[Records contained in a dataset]
>>

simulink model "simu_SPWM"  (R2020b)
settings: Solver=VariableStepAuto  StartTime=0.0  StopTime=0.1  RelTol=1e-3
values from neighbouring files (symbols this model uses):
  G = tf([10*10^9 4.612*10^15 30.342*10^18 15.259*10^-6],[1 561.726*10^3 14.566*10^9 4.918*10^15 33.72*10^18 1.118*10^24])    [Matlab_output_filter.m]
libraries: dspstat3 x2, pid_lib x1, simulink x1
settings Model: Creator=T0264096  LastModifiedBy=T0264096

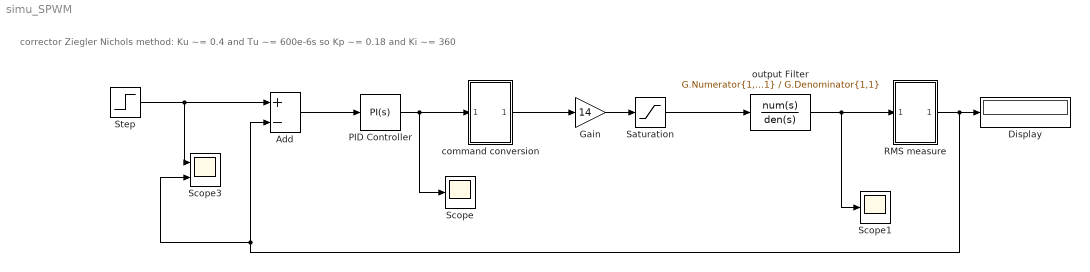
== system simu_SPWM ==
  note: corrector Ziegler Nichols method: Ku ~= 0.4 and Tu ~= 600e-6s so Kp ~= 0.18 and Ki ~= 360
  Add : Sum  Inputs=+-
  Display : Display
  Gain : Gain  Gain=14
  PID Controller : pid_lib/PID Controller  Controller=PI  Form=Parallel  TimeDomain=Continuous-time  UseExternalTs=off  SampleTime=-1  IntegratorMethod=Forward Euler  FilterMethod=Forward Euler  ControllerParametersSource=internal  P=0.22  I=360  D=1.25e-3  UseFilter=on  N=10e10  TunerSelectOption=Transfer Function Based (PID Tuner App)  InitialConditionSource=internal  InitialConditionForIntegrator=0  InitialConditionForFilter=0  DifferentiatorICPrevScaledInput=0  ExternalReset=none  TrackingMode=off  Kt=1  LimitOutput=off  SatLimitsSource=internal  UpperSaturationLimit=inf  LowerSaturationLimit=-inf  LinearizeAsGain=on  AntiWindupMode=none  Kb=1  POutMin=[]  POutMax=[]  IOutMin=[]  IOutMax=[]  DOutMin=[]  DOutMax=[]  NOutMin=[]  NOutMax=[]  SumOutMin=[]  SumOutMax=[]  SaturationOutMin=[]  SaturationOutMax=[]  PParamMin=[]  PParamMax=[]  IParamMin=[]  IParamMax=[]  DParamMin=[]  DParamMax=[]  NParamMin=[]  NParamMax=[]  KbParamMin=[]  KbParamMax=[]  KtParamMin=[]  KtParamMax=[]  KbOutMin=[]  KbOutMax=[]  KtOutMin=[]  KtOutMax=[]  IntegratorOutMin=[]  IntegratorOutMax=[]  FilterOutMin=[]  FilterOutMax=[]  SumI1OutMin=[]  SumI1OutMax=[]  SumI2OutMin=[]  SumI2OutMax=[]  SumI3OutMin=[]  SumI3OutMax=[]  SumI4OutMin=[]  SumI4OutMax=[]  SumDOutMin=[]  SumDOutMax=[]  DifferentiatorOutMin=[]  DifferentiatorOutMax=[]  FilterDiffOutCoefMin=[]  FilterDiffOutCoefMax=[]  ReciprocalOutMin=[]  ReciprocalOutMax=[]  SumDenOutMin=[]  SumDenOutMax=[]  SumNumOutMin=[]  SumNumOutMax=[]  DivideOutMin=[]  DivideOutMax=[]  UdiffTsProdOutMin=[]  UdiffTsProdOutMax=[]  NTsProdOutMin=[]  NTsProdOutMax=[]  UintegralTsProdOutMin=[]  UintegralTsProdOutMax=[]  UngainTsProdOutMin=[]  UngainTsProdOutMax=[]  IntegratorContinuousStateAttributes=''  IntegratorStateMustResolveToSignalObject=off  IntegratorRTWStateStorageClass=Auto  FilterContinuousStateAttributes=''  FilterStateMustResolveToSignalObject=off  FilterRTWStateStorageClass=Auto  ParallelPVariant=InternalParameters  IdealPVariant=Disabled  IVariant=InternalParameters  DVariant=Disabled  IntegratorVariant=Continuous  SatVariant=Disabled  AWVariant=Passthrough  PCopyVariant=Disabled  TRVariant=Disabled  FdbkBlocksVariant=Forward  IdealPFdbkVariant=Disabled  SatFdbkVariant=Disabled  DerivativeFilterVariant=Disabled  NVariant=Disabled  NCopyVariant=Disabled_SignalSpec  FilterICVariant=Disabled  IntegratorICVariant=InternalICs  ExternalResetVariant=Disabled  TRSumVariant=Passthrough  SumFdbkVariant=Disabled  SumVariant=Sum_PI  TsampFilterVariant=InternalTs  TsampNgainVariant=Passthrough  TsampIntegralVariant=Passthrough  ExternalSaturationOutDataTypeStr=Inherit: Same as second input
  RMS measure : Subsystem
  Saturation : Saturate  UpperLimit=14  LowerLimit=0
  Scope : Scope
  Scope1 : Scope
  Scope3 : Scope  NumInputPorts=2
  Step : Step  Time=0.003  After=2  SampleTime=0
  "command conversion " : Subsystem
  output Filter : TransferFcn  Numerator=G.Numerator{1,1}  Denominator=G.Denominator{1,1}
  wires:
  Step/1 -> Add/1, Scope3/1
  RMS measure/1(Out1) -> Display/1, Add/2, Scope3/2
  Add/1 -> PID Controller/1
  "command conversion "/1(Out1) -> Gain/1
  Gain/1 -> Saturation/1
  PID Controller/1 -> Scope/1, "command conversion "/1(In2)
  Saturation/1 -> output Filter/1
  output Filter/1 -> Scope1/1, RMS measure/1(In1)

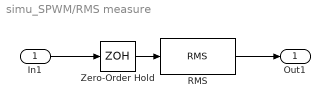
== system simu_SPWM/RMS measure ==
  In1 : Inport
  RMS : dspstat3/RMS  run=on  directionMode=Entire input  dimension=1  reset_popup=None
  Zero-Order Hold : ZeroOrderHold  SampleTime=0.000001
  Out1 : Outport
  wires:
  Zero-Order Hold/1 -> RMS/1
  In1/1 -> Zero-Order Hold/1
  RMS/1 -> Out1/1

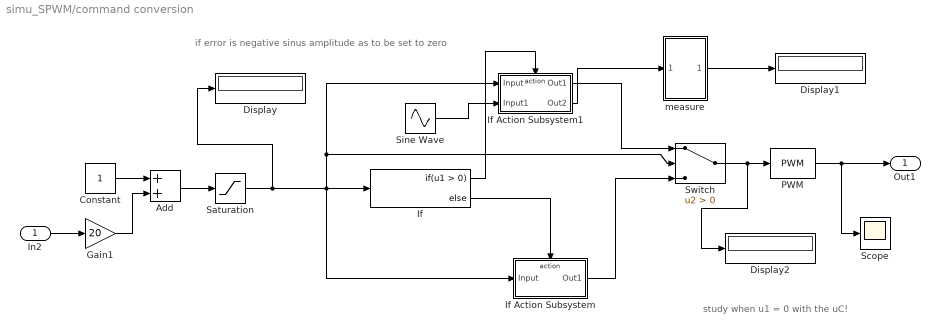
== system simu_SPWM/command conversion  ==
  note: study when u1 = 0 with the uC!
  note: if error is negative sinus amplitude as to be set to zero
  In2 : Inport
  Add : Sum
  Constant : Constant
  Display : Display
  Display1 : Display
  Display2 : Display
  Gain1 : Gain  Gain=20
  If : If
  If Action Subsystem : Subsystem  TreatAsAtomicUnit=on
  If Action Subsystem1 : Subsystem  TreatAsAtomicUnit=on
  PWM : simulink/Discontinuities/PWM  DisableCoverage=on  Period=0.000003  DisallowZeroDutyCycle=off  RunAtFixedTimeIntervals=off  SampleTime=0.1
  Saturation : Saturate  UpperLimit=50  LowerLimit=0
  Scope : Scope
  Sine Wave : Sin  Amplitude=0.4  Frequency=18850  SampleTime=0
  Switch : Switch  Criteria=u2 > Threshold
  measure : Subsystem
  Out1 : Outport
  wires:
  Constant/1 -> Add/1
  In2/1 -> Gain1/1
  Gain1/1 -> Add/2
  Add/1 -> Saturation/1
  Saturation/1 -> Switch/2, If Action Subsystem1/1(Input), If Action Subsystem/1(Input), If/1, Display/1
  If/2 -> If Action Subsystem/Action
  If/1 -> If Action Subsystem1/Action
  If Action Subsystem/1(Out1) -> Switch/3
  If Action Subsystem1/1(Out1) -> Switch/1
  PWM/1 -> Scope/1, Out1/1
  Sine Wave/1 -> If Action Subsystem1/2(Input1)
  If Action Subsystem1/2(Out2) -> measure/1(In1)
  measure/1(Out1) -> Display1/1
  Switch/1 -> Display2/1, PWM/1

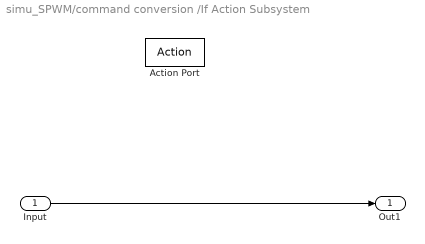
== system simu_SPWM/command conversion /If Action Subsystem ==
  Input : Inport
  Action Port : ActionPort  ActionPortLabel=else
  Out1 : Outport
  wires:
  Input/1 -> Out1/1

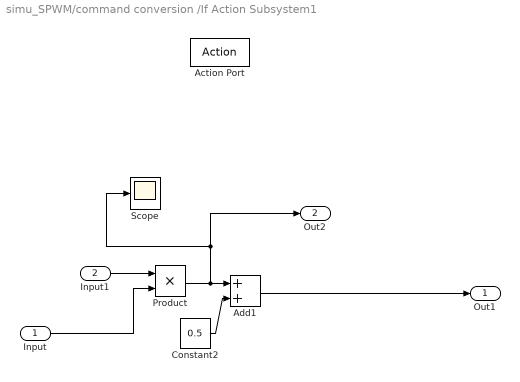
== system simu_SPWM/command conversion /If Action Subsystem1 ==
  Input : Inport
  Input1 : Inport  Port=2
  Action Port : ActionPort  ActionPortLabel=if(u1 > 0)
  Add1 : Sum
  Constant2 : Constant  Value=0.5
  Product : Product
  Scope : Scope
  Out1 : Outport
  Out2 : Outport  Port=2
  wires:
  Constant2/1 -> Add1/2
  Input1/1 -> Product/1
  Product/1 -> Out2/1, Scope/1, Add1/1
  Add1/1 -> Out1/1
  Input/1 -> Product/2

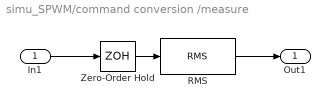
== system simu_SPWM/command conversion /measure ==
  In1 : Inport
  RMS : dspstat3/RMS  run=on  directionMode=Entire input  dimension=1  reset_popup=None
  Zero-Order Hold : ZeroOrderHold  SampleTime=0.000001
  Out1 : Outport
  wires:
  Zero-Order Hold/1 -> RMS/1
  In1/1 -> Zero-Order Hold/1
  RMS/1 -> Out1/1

<<

Reproduce the lines from the one holding "Sine Wave : Sin" through the end of the entries above exactly, keeping both ends and dropping every picture.

# [Written answer]
  Sine Wave : Sin  Amplitude=0.4  Frequency=18850  SampleTime=0
  Switch : Switch  Criteria=u2 > Threshold
  measure : Subsystem
  Out1 : Outport
  wires:
  Constant/1 -> Add/1
  In2/1 -> Gain1/1
  Gain1/1 -> Add/2
  Add/1 -> Saturation/1
  Saturation/1 -> Switch/2, If Action Subsystem1/1(Input), If Action Subsystem/1(Input), If/1, Display/1
  If/2 -> If Action Subsystem/Action
  If/1 -> If Action Subsystem1/Action
  If Action Subsystem/1(Out1) -> Switch/3
  If Action Subsystem1/1(Out1) -> Switch/1
  PWM/1 -> Scope/1, Out1/1
  Sine Wave/1 -> If Action Subsystem1/2(Input1)
  If Action Subsystem1/2(Out2) -> measure/1(In1)
  measure/1(Out1) -> Display1/1
  Switch/1 -> Display2/1, PWM/1

== system simu_SPWM/command conversion /If Action Subsystem ==
  Input : Inport
  Action Port : ActionPort  ActionPortLabel=else
  Out1 : Outport
  wires:
  Input/1 -> Out1/1

== system simu_SPWM/command conversion /If Action Subsystem1 ==
  Input : Inport
  Input1 : Inport  Port=2
  Action Port : ActionPort  ActionPortLabel=if(u1 > 0)
  Add1 : Sum
  Constant2 : Constant  Value=0.5
  Product : Product
  Scope : Scope
  Out1 : Outport
  Out2 : Outport  Port=2
  wires:
  Constant2/1 -> Add1/2
  Input1/1 -> Product/1
  Product/1 -> Out2/1, Scope/1, Add1/1
  Add1/1 -> Out1/1
  Input/1 -> Product/2

== system simu_SPWM/command conversion /measure ==
  In1 : Inport
  RMS : dspstat3/RMS  run=on  directionMode=Entire input  dimension=1  reset_popup=None
  Zero-Order Hold : ZeroOrderHold  SampleTime=0.000001
  Out1 : Outport
  wires:
  Zero-Order Hold/1 -> RMS/1
  In1/1 -> Zero-Order Hold/1
  RMS/1 -> Out1/1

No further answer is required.